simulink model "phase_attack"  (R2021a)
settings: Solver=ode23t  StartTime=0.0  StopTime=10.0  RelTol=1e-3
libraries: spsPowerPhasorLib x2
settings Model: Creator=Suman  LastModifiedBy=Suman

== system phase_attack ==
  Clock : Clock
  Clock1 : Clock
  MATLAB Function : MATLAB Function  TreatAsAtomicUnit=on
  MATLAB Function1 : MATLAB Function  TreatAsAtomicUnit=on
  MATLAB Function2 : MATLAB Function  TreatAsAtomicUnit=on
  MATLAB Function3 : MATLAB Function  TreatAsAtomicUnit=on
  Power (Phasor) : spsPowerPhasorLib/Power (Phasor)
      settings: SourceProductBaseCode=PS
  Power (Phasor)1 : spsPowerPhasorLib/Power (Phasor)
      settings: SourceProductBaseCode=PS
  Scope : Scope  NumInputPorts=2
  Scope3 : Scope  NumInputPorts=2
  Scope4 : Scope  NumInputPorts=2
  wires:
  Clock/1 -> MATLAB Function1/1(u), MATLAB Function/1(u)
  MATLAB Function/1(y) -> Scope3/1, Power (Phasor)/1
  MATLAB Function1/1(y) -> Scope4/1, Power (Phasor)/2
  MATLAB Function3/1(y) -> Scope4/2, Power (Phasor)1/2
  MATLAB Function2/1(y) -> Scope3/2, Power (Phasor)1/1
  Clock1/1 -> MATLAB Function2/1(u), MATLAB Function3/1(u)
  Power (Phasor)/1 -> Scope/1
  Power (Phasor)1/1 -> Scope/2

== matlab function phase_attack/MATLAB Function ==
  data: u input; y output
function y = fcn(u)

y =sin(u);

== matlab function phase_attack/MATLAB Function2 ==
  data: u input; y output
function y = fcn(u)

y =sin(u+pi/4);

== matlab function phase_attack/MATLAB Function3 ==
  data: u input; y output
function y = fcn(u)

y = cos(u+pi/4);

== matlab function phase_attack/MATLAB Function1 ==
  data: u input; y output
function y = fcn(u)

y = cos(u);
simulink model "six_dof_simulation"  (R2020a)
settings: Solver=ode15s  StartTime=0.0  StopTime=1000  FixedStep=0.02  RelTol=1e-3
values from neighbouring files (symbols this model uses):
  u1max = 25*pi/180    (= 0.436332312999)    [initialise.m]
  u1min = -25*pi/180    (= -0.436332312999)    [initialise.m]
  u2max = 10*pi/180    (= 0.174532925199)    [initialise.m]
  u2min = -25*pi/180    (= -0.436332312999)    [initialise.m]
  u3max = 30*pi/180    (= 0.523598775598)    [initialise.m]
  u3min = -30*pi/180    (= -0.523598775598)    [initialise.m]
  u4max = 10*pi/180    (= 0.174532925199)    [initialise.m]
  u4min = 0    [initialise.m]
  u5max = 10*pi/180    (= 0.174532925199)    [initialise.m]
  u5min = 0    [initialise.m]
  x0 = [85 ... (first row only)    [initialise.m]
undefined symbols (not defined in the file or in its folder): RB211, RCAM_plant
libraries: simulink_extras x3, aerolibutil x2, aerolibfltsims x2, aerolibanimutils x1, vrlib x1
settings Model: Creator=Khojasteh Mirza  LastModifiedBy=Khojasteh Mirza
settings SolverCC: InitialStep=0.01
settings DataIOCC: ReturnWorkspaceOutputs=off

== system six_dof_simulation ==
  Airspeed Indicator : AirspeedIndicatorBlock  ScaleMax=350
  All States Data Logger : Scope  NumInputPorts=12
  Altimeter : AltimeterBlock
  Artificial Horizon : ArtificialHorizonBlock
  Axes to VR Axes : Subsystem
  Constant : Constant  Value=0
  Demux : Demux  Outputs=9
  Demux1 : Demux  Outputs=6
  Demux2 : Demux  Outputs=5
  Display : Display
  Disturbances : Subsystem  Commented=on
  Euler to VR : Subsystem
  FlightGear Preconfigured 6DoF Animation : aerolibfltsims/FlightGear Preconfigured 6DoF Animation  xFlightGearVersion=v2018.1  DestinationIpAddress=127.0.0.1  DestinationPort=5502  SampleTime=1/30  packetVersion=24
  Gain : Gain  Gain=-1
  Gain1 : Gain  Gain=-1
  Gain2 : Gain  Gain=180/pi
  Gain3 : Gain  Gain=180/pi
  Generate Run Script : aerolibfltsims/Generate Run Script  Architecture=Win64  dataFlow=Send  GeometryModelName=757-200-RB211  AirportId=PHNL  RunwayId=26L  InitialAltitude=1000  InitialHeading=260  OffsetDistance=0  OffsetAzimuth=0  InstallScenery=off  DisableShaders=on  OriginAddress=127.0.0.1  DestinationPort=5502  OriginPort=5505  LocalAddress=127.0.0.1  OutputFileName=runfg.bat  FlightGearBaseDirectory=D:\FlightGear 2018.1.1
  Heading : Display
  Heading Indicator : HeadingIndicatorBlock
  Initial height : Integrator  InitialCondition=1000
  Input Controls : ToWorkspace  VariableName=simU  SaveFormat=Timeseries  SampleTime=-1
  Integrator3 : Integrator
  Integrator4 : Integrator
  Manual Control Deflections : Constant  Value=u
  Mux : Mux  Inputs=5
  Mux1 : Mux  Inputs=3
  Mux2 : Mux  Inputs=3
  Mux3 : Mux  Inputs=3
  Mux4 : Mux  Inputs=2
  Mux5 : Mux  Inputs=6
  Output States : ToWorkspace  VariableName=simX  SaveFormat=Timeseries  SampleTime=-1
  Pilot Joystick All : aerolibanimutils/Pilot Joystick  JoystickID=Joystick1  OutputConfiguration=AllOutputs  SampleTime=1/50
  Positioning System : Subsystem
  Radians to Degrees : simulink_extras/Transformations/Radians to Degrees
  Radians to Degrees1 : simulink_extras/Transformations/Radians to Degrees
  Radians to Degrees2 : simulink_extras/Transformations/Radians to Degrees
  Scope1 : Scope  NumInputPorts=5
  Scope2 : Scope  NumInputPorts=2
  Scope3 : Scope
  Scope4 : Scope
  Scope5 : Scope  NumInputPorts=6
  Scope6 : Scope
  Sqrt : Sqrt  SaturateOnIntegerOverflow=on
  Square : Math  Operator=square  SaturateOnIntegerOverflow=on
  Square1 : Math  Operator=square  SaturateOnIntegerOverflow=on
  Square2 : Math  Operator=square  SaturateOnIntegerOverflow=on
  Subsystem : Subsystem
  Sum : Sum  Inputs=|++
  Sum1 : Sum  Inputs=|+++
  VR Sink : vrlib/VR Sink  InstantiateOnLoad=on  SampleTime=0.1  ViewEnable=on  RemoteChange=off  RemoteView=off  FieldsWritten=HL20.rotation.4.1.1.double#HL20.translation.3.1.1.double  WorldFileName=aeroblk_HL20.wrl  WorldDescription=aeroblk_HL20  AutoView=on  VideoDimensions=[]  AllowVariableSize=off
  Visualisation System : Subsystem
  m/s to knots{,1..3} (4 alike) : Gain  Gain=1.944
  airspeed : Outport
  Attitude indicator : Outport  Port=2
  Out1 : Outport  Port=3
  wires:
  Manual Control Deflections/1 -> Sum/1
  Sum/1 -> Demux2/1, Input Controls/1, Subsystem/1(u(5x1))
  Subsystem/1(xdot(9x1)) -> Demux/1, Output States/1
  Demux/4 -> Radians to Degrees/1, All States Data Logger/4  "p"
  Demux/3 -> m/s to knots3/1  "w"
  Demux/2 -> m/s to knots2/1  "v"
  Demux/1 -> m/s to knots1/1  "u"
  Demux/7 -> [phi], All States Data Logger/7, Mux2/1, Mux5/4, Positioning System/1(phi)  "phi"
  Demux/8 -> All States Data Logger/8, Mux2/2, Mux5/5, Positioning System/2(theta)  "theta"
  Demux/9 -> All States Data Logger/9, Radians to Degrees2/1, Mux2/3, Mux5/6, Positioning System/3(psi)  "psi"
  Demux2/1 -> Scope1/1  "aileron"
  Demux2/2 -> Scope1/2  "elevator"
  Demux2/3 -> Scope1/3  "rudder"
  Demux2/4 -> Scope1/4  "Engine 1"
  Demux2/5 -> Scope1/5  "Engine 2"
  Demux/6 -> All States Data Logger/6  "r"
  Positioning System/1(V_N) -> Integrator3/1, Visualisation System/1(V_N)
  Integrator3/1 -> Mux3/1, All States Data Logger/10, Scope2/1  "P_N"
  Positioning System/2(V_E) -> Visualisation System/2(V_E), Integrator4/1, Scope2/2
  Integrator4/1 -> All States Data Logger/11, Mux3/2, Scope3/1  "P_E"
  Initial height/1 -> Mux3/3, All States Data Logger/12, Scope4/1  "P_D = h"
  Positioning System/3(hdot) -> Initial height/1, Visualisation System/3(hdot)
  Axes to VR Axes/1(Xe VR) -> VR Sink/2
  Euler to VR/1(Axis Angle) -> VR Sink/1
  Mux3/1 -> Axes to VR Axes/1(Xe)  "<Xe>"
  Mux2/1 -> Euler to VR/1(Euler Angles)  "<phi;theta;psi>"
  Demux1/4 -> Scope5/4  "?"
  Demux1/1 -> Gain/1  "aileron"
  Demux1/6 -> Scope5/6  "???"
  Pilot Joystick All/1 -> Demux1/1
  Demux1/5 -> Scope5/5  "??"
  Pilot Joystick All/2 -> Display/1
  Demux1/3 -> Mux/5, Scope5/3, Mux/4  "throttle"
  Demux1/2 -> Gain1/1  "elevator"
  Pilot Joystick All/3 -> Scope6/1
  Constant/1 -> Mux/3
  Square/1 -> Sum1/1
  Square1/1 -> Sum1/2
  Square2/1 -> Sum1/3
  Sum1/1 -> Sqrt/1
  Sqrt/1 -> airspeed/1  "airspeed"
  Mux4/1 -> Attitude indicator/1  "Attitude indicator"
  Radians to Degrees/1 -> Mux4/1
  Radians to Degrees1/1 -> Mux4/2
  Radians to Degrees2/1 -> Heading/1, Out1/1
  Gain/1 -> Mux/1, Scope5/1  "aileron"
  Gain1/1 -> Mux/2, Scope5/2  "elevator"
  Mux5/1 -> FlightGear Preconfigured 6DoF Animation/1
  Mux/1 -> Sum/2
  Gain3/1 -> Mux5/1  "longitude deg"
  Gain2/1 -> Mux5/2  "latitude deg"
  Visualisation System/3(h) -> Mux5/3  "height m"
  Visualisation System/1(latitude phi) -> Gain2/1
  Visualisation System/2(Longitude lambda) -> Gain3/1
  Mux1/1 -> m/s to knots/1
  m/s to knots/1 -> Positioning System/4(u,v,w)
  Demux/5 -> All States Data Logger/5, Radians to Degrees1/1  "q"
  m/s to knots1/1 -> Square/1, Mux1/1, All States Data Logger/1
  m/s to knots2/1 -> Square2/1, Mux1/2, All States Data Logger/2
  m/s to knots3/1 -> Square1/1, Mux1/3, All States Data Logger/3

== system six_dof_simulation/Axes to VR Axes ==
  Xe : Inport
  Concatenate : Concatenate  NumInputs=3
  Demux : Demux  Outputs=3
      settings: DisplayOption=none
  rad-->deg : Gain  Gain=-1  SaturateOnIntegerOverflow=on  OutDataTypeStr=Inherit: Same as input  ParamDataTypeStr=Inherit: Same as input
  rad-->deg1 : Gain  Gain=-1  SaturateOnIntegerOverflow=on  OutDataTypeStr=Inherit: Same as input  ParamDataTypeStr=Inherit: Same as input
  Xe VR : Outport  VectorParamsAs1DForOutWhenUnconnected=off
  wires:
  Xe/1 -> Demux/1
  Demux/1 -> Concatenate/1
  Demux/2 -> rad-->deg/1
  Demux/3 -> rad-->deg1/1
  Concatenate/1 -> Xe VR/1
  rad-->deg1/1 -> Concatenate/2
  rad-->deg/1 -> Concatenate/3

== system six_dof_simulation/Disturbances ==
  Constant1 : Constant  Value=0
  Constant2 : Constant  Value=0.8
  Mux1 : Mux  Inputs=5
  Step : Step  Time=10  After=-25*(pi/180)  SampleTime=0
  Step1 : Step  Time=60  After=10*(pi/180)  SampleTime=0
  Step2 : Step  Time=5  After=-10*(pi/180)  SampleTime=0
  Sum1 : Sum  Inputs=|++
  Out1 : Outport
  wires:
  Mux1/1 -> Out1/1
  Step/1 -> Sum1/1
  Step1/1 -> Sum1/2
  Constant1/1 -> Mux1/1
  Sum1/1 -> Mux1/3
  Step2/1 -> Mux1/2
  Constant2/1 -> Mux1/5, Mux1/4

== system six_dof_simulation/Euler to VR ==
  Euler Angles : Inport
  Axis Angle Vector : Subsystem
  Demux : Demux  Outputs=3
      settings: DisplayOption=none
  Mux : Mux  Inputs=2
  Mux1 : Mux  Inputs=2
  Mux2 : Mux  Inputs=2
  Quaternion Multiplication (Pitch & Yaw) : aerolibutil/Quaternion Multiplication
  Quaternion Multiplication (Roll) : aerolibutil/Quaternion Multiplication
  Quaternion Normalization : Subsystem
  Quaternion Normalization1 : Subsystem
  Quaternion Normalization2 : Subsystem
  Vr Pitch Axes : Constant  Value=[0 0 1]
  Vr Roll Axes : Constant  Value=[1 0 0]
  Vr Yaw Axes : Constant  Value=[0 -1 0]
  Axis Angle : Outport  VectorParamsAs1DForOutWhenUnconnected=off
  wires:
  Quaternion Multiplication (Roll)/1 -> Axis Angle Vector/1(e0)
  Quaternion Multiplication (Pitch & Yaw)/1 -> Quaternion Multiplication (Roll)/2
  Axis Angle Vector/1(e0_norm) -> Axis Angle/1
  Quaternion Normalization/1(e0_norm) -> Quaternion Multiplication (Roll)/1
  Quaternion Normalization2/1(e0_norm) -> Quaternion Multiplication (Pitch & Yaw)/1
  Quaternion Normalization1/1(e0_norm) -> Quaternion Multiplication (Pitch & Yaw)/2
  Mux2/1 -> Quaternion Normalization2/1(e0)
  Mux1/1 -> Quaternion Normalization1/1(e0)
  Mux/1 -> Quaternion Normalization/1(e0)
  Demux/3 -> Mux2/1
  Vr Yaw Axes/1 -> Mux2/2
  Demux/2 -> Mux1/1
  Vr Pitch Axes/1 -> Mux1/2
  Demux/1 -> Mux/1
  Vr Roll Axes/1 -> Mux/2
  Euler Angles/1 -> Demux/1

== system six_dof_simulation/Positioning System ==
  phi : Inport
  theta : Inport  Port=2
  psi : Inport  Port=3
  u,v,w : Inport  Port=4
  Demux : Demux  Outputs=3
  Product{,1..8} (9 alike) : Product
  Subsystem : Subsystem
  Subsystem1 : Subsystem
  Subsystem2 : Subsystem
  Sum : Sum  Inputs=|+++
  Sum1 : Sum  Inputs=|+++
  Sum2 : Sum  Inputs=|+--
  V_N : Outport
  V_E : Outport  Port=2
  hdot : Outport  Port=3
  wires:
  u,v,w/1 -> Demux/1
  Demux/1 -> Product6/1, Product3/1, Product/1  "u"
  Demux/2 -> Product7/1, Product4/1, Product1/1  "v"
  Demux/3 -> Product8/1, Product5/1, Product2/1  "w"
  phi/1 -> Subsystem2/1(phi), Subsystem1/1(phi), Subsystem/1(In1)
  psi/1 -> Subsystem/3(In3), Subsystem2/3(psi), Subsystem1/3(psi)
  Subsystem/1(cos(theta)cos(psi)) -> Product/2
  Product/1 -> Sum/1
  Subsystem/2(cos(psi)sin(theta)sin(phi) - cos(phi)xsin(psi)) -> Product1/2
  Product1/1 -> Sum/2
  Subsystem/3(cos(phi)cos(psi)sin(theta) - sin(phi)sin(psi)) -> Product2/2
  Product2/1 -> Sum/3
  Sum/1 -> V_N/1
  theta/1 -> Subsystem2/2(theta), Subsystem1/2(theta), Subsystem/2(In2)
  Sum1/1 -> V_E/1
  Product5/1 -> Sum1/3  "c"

• Task details:
The first line of the records begins the span, and the line containing "MATLAB Function : MATLAB" ends it. Reproduce that span exactly, both ends included.

• Output of the exercise:
simulink model "phase_attack"  (R2021a)
settings: Solver=ode23t  StartTime=0.0  StopTime=10.0  RelTol=1e-3
libraries: spsPowerPhasorLib x2
settings Model: Creator=Suman  LastModifiedBy=Suman

== system phase_attack ==
  Clock : Clock
  Clock1 : Clock
  MATLAB Function : MATLAB Function  TreatAsAtomicUnit=on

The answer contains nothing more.